Monday, April 20, 2009

[inference] deduction, induction and abduction

From the International Encyclopaedia of Communication:

Deduction, induction, and abduction are three basic forms of inference that inform the methodologies of communication research as well as other fields and disciplines.

Whereas the most familiar forms are inference from a general principle or law to individual instances (deduction), or from several instances to a law (induction), abduction is an equally important constituent of scholarship, serving to identify possible explanations for a set of observations.

Different traditions of communication research can be seen to rely on distinctive variants and combinations of deduction, induction, and abduction.

Aristotle had identified abduction as a type of inference; it was reintroduced in modern philosophy by Charles Sanders Peirce in an 1878 article.

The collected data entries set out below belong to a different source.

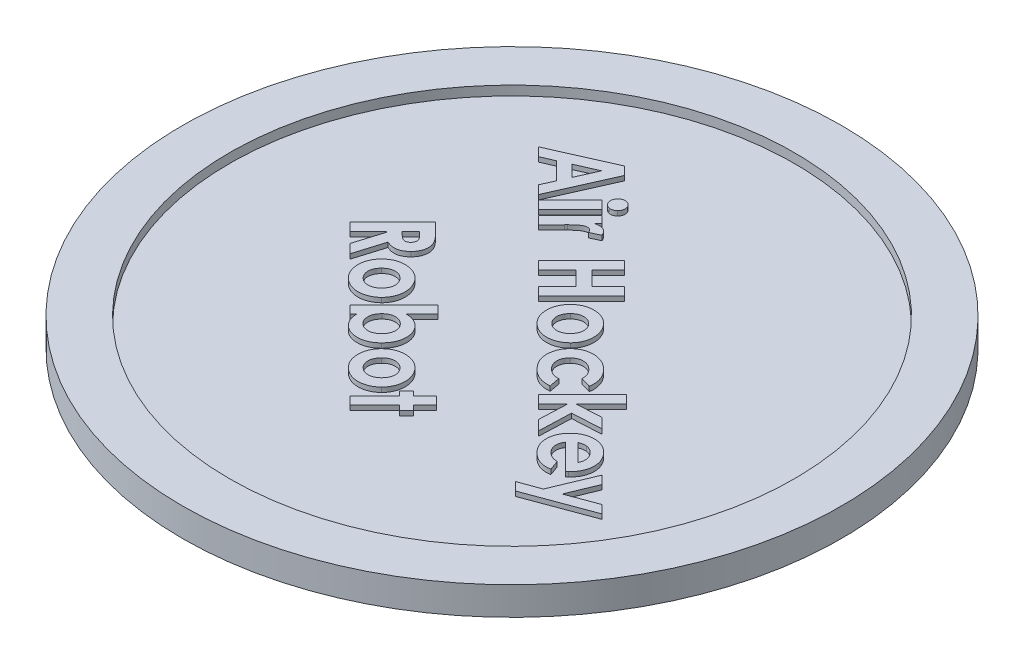
from build123d import *

# Parameters (mm, degrees)
SKETCH_1_R          = 35
EXTRUDE_1_DEPTH     = 3
SKETCH_2_R          = 30
CUT_EXTRUDE_1_DEPTH = 1
EXTRUDE_2_DEPTH     = 0.5


with BuildPart() as part:
    # 草圖1 → 填料-伸長1 (new body)
    with BuildSketch(Plane(origin=(0, 0, 0), x_dir=(1, 0, 0), z_dir=(0, 1, 0))):
        with Locations(Location((0, 0, 0), (0, 0, 270))):
            Circle(SKETCH_1_R)
    extrude(amount=EXTRUDE_1_DEPTH)

    # 草圖2 → 除料-伸長1 (cut)
    with BuildSketch(Plane(origin=(0, 3, 0), x_dir=(1, 0, 0), z_dir=(0, 1, 0))):
        with Locations(Location((0, 0, 0), (0, 0, 270))):
            Circle(SKETCH_2_R)
    extrude(amount=-CUT_EXTRUDE_1_DEPTH, mode=Mode.SUBTRACT)

    # 草圖3 → 填料-伸長2 (add)
    # profile 1 of 15: a face of its own
    with BuildSketch(Plane(origin=(0, 2, 0), x_dir=(1, 0, 0), z_dir=(0, 1, 0))):
        Polygon((-8.308132153, 20.235517611), (-7.429225903, 19.356611361), (-10.228705069, 13.057132194), (-11.128444653, 13.956871777), (-10.546413403, 15.249840527), (-12.401882153, 17.105309277), (-13.710475903, 16.538903027), (-14.611517569, 17.439944694), align=None)
        Polygon((-9.069850903, 18.583173861), (-11.236517569, 17.627444694), (-10.028184236, 16.419111361), align=None, mode=Mode.SUBTRACT)
    # profile 2 of 15: a face of its own
    with BuildSketch(Plane(origin=(0, 2, 0), x_dir=(1, 0, 0), z_dir=(0, 1, 0))):
        with BuildLine():
            add(Edge.make_bspline(
                [(-4.540701528, 16.869128653), (-4.506302538, 16.831415875), (-4.438672262, 16.757270513), (-4.369666269, 16.623185376), (-4.3265856, 16.478719339), (-4.315458453, 16.325713882), (-4.327339772, 16.172301179), (-4.374316337, 16.027041873), (-4.445159914, 15.891071744), (-4.514529993, 15.815249065), (-4.549816111, 15.776680736)],
                knots=[0, 0, 0, 0, 1.005724699, 1.977309142, 2.95252767, 3.969148236, 4.995077585, 5.975270981, 6.970091596, 8, 8, 8, 8], degree=3))
            add(Edge.make_bspline(
                [(-4.549816111, 15.776680736), (-4.587983789, 15.741892176), (-4.66273734, 15.673756816), (-4.79657428, 15.603315447), (-4.940445468, 15.558559849), (-5.092355459, 15.545966332), (-5.243766105, 15.557915221), (-5.387317456, 15.598335129), (-5.518106038, 15.668851651), (-5.591796798, 15.734305428), (-5.629243195, 15.767566153)],
                knots=[0, 0, 0, 0, 1.031019004, 2.019308924, 3.001342932, 4.031921768, 5.053065166, 6.030158479, 6.999013346, 8, 8, 8, 8], degree=3))
            add(Edge.make_bspline(
                [(-5.629243195, 15.767566153), (-5.663901005, 15.806231646), (-5.731566126, 15.881721276), (-5.803929615, 16.015803847), (-5.843927233, 16.162228711), (-5.856431857, 16.315785833), (-5.842050627, 16.47047963), (-5.794973901, 16.616934808), (-5.721684858, 16.753643585), (-5.651867743, 16.830095732), (-5.616222361, 16.869128653)],
                knots=[0, 0, 0, 0, 1.015137644, 1.981931666, 2.954137343, 3.970023233, 4.987475091, 5.977566914, 6.96743944, 8, 8, 8, 8], degree=3))
            add(Edge.make_bspline(
                [(-5.616222361, 16.869128653), (-5.578485152, 16.903476903), (-5.504576056, 16.970748653), (-5.372018276, 17.040034704), (-5.229299597, 17.082926609), (-5.078461945, 17.096326776), (-4.927624292, 17.082926609), (-4.784905613, 17.040034704), (-4.652347833, 16.970748653), (-4.578438738, 16.903476903), (-4.540701528, 16.869128653)],
                knots=[0, 0, 0, 0, 1.021734464, 2.001087806, 2.975106579, 4, 5.024893421, 5.998912194, 6.978265536, 8, 8, 8, 8], degree=3))
        make_face()
    # profile 3 of 15: a face of its own
    with BuildSketch(Plane(origin=(0, 2, 0), x_dir=(1, 0, 0), z_dir=(0, 1, 0))):
        Polygon((-6.349295278, 15.906889069), (-5.502941111, 15.060534903), (-8.867524445, 11.695951569), (-9.713878611, 12.542305736), align=None)
    # profile 4 of 15: a face of its own
    with BuildSketch(Plane(origin=(0, 2, 0), x_dir=(1, 0, 0), z_dir=(0, 1, 0))):
        with BuildLine():
            Line((-4.922699335, 14.480293127), (-4.198741002, 13.756334793))
            Line((-4.198741002, 13.756334793), (-4.621918085, 13.33315771))
            add(Edge.make_bspline(
                [(-4.621918085, 13.33315771), (-4.562041953, 13.353161022), (-4.445764116, 13.392006914), (-4.268354232, 13.419439503), (-4.096583131, 13.426602959), (-3.93085699, 13.404654332), (-3.773544276, 13.362150083), (-3.626338129, 13.298766809), (-3.490576, 13.214371651), (-3.412501635, 13.141804005), (-3.373220169, 13.105293127)],
                knots=[0, 0, 0, 0, 1.126146671, 2.186946502, 3.195634824, 4.188365352, 5.161051018, 6.09895006, 7.043526897, 8, 8, 8, 8], degree=3))
            add(Edge.make_bspline(
                [(-3.373220169, 13.105293127), (-3.346242255, 13.076520363), (-3.291376697, 13.01800458), (-3.225050678, 12.914161811), (-3.163336392, 12.800420587), (-3.132606793, 12.717302305), (-3.116709752, 12.674303543)],
                knots=[0, 0, 0, 0, 0.934144126, 1.899788824, 2.913518474, 4, 4, 4, 4], degree=3))
            Line((-3.116709752, 12.674303543), (-4.106293085, 12.210761877))
            add(Edge.make_bspline(
                [(-4.106293085, 12.210761877), (-4.11892839, 12.245200475), (-4.142737929, 12.310095402), (-4.181990177, 12.399089101), (-4.225842137, 12.472274938), (-4.260683368, 12.511536539), (-4.276866002, 12.529772293)],
                knots=[0, 0, 0, 0, 1.207300046, 2.274995243, 3.198790619, 4, 4, 4, 4], degree=3))
            add(Edge.make_bspline(
                [(-4.276866002, 12.529772293), (-4.293238863, 12.545250309), (-4.325784589, 12.576017275), (-4.384533726, 12.609389694), (-4.447987721, 12.63479308), (-4.517473699, 12.650046414), (-4.592275877, 12.656297153), (-4.672759094, 12.653731141), (-4.75848589, 12.639701526), (-4.851493603, 12.617938112), (-4.952181234, 12.580278882), (-5.061564598, 12.524401745), (-5.181760152, 12.450936445), (-5.311374534, 12.357593758), (-5.45189197, 12.247039654), (-5.601914247, 12.116794675), (-5.762975202, 11.969138416), (-5.871417524, 11.861753353), (-5.927907669, 11.80581396)],
                knots=[0, 0, 0, 0, 0.547554116, 1.088419826, 1.634745323, 2.209833694, 2.815372807, 3.461273872, 4.167714151, 4.930047112, 5.787193072, 6.781080403, 7.920888814, 9.218788771, 10.673267404, 12.279143793, 14.061718902, 16, 16, 16, 16], degree=3))
            Line((-5.927907669, 11.80581396), (-6.089366002, 11.639147293))
            Line((-6.089366002, 11.639147293), (-7.450043085, 10.27847021))
            Line((-7.450043085, 10.27847021), (-8.287282669, 11.115709793))
            Line((-8.287282669, 11.115709793), (-4.922699335, 14.480293127))
        make_face()
    # profile 5 of 15: a face of its own
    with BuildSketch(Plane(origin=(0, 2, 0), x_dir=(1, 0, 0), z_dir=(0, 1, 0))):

Wiki defines abduction thus:

Abduction, or inference to the best explanation, is a method of reasoning in which one chooses the hypothesis that would, if true, best explain the relevant evidence.

Abductive reasoning starts from a set of accepted facts and infers their most likely, or best, explanations.

The term abduction is also sometimes used to just mean the generation of hypotheses to explain observations or conclusions, but the former definition is more common both in philosophy and computing.

Just thought you’d like to know.


  1. Unless we are told the criterion for "best" in "best explain", we are at a loss to know what the hell they are talking about, are we not?

  2. @dearieme - you've put your finger on the difference between "conspiracy theorists" and others.

    "Conspiracy Theorists" choose their own "best" explanation; others have the explanation chosen for them.

  3. Is this a good question?

    Yes, if this is the best answer.